Question

How do you find the area of one petal of $r = 2\cos (3\theta )$ ?

Answer 1

Hint : Here in this we have to find the area of one petal of $r = 2\cos (3\theta )$ . To find the area we use formula $A = \dfrac{1}{2}\int_\alpha ^\beta {{{(r(\theta ))}^2}d\theta }$ , where $\alpha$ and $\beta$ are the limit points. Hence by substituting all the values in the formula and then by simplifying we obtain the area of one petal.

Complete step-by-step answer :
In general let us consider $r = a\sin (n\theta )$ or $r = a\sin (n\theta )$ where $a \ne 0$ and n is a positive number greater than 1. For the graph of rose if the value of n is odd then rose will have n petals or if the value of n is even then the rose will have 2n petals. Here “a” represents the radius of the circle where the rose petals lie.
Now consider the given equation $r = 2\cos (3\theta )$ . Here a=2, the radius of the circle is 2 and n=3, the number is odd so we have 3 petals for the rose.
The figure is as shown

To find the area we use the formula $A = \dfrac{1}{2}\int_\alpha ^\beta {{{(r(\theta ))}^2}d\theta }$ ------- (1)
Here the limits points are not given.

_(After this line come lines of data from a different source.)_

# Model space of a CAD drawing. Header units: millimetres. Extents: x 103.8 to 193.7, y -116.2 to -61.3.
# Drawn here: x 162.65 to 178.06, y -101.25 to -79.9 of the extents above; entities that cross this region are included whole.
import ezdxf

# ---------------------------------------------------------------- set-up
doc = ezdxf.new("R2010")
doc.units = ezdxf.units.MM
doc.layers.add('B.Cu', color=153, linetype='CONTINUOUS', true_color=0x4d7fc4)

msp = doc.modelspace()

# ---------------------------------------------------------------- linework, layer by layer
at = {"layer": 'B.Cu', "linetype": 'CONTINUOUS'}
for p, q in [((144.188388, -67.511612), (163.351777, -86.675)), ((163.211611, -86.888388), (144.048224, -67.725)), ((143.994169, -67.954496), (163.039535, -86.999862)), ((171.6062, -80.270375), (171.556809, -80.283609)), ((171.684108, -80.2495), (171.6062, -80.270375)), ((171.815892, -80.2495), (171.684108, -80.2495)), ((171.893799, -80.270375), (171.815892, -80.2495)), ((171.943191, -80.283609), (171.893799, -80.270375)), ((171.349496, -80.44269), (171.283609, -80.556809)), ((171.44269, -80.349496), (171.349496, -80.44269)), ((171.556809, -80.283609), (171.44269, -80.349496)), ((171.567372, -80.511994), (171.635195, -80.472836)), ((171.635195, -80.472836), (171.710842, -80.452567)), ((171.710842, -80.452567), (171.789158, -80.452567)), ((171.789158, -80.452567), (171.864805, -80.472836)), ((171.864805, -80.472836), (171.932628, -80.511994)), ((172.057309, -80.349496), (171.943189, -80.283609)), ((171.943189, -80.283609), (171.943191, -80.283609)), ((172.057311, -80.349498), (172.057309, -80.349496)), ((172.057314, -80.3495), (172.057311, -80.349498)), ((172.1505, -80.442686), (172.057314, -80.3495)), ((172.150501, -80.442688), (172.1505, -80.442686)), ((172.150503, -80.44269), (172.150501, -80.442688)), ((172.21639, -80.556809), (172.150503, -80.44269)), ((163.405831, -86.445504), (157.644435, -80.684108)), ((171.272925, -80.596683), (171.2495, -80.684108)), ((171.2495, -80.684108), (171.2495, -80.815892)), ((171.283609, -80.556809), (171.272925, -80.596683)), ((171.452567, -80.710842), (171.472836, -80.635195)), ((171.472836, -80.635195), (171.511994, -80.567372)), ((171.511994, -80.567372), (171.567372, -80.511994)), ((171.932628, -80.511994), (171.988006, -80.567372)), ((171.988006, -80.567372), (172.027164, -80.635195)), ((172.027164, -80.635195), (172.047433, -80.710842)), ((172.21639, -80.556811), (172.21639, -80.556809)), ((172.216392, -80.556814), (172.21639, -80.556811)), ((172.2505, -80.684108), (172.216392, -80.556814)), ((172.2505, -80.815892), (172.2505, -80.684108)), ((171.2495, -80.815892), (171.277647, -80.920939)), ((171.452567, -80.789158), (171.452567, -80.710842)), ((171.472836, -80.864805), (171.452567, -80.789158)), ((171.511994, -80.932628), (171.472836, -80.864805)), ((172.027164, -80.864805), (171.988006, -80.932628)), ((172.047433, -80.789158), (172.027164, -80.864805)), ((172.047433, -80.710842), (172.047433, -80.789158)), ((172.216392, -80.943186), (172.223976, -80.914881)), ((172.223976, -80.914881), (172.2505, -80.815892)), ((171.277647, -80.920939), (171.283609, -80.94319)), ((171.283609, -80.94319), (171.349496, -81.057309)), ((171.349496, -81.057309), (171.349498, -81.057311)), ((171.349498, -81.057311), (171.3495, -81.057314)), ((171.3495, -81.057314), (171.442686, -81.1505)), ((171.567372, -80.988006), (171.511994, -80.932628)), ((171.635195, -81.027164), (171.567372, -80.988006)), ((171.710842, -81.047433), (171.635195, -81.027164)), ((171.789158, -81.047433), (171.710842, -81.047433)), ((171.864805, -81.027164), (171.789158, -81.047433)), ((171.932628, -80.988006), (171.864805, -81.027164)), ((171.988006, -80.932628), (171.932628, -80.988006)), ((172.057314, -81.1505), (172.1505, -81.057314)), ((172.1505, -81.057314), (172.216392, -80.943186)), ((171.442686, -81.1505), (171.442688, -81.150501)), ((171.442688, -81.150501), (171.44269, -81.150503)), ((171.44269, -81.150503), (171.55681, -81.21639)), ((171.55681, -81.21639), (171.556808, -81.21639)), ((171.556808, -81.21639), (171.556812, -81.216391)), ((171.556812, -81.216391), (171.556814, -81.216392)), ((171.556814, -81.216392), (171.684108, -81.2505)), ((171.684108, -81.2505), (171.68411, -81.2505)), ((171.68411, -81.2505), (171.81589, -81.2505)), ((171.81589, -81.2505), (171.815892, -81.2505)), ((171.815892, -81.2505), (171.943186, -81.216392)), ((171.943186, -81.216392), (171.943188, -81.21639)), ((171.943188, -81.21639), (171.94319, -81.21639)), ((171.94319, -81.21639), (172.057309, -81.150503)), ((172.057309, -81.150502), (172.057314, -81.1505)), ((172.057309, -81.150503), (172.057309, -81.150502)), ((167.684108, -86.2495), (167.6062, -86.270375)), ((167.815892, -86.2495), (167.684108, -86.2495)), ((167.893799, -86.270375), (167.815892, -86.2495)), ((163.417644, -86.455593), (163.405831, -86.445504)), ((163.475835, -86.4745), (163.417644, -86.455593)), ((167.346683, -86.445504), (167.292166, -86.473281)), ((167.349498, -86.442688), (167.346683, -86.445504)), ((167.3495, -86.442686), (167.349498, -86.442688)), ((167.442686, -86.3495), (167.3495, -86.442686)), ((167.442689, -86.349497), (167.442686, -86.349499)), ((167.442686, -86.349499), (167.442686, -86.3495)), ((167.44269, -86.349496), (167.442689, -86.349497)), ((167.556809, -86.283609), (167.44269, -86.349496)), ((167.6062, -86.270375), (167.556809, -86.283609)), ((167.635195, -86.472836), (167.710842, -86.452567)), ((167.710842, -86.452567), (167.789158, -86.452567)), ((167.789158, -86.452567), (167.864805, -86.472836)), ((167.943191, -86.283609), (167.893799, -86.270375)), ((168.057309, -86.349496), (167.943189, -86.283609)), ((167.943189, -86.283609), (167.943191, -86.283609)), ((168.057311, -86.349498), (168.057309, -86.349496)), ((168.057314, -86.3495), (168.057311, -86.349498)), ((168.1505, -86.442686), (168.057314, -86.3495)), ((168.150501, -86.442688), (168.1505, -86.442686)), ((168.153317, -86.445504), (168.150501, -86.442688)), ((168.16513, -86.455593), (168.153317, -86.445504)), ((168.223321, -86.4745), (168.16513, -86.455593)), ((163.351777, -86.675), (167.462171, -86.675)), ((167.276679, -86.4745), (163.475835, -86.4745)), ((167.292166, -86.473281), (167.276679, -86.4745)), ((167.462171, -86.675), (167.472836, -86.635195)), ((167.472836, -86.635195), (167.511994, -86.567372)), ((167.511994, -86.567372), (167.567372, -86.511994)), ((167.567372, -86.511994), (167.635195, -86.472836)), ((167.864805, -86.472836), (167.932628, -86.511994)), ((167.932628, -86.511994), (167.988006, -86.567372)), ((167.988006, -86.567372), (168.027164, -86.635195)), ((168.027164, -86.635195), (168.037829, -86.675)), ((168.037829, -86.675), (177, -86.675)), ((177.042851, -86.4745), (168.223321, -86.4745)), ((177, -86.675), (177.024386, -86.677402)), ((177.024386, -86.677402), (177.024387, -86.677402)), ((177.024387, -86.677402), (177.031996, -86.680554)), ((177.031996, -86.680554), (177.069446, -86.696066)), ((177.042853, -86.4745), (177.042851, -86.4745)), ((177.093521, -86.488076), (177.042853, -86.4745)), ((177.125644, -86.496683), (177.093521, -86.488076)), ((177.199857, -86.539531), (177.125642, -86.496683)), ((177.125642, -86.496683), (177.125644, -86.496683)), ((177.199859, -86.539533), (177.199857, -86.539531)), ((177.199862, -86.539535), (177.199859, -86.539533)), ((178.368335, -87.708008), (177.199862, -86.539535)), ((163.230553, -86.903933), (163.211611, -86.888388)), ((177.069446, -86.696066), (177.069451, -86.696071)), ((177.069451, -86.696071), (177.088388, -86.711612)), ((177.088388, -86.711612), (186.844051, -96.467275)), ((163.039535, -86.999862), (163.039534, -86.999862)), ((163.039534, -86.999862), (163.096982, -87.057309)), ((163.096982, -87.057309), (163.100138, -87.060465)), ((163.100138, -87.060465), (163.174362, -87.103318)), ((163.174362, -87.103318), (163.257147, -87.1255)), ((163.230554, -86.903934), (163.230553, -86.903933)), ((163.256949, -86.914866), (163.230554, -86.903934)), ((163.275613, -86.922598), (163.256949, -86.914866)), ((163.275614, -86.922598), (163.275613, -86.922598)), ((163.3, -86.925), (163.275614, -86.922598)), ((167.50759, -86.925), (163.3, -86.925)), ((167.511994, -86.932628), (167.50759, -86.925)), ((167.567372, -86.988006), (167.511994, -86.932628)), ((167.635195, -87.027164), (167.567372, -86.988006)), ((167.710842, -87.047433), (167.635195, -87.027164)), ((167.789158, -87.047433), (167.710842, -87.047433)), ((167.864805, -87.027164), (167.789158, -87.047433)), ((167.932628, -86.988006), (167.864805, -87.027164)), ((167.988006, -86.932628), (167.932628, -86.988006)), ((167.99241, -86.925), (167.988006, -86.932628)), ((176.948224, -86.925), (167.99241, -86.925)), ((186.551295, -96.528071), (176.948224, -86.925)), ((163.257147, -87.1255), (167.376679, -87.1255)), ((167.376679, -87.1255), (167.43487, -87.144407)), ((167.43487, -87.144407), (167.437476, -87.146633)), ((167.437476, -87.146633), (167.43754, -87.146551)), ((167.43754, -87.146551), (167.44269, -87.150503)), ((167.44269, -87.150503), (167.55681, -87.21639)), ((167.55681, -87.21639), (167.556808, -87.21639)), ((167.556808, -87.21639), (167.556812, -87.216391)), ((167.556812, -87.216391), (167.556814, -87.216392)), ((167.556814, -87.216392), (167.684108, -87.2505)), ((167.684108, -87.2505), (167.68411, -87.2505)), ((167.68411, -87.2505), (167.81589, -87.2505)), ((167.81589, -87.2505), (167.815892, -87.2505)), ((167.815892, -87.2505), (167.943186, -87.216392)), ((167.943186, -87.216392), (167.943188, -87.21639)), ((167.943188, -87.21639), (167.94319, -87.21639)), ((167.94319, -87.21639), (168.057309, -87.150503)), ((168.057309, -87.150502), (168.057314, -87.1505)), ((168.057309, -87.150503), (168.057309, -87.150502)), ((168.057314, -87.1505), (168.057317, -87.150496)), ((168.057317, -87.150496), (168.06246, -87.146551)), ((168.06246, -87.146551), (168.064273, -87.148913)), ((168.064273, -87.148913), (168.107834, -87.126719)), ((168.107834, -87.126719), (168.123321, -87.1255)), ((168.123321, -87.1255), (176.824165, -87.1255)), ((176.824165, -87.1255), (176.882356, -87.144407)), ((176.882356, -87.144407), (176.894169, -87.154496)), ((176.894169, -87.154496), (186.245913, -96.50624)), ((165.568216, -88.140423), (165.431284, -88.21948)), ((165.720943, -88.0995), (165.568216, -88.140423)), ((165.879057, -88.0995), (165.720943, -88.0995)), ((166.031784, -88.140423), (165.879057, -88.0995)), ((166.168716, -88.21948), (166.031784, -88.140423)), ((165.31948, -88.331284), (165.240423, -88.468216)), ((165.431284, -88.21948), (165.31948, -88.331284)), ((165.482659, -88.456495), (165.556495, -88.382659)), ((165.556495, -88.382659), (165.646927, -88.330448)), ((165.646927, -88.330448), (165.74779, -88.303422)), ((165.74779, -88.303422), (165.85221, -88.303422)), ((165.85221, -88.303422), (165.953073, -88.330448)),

Therefore, we have to find the value of $\alpha$ and $\beta$
Now consider the given equation $r = 2\cos (3\theta )$ ------- (2)
Substitute r=0 in equation (2) we have
$\Rightarrow 0 = 2\cos (3\theta )$
This is written as
$\Rightarrow 0 = \cos (3\theta )$
By taking the inverse we have
$\Rightarrow {\cos ^{ - 1}}(0) = 3\theta$
By the table of trigonometry ratios for standard angles in radians we have $\cos \left( {\dfrac{\pi }{2}} \right) = 1$ so we have
$\Rightarrow \dfrac{\pi }{2} = 3\theta$
Dividing by 3 on the both sides we have
$\Rightarrow \theta = \dfrac{\pi }{6}$
Therefore $\left( {\alpha ,\beta } \right) = \left( {r,\theta } \right) = \left( {0,\dfrac{\pi }{6}} \right)$ ----------- (3)
Substituting equation (2) and equation (3) in equation (1) we have
$A = 2 \times \dfrac{1}{2}\int_0^{\dfrac{\pi }{6}} {{{(2\cos (3\theta ))}^2}d\theta }$
Applying square, we have
$\Rightarrow A = 2 \times \dfrac{1}{2}\int_0^{\dfrac{\pi }{6}} {\left( {4{{\cos }^2}(3\theta )} \right)d\theta }$
On simplifying we have
$\Rightarrow A = 4\int_0^{\dfrac{\pi }{6}} {\left( {{{\cos }^2}(3\theta )} \right)d\theta }$
Apply the half angle formula for the cosine function we have
$\Rightarrow A = 4\int_0^{\dfrac{\pi }{6}} {\left( {\dfrac{{1 + \cos (6\theta )}}{2}} \right)d\theta }$
On simplifying we have
$\Rightarrow A = 4 \times \dfrac{1}{2}\int_0^{\dfrac{\pi }{6}} {\left( {1 + \cos (6\theta )} \right)d\theta }$
Take integral to each term we have
$\Rightarrow A = 2\left( {\int_0^{\dfrac{\pi }{6}} {d\theta } + \int_0^{\dfrac{\pi }{6}} {\cos (6\theta )d\theta } } \right)$
On applying the integration, we have
$\Rightarrow A = 2\mathop {[\theta ] }\nolimits_0^{\dfrac{\pi }{6}} + 2\left[ {\dfrac{{\sin (6\theta )}}{6}} \right] _0^{\dfrac{\pi }{6}}$
Applying the limit points, we get
$\Rightarrow A = 2\left[ {\dfrac{\pi }{6} - 0} \right] + \dfrac{2}{6}\left[ {\sin 6\left( {\dfrac{\pi }{6}} \right) - \sin (0)} \right]$
On simplifying we get

$$\Rightarrow A = \dfrac{\pi }{3} + \dfrac{1}{3}\left[ {0 - 0} \right] \\\ \Rightarrow A = \dfrac{\pi }{3}sq.units \;$$

Therefore, the area of one petal of $r = 2\cos (3\theta )$ is $\dfrac{\pi }{3}\;sq.units$
So, the correct answer is “ $\dfrac{\pi }{3}\;sq.units$ ”.

Note : The area of a petal for the circle for the polar coordinates is given by $A = \dfrac{1}{2}\int_\alpha ^\beta {{{(r(\theta ))}^2}d\theta }$ . The unit for the area is given as a square unit. In the polar form the coordinates are represented in the form of $\left( {r,\theta } \right)$ where r represents the radius of the circle and the $\theta$ represents the angle.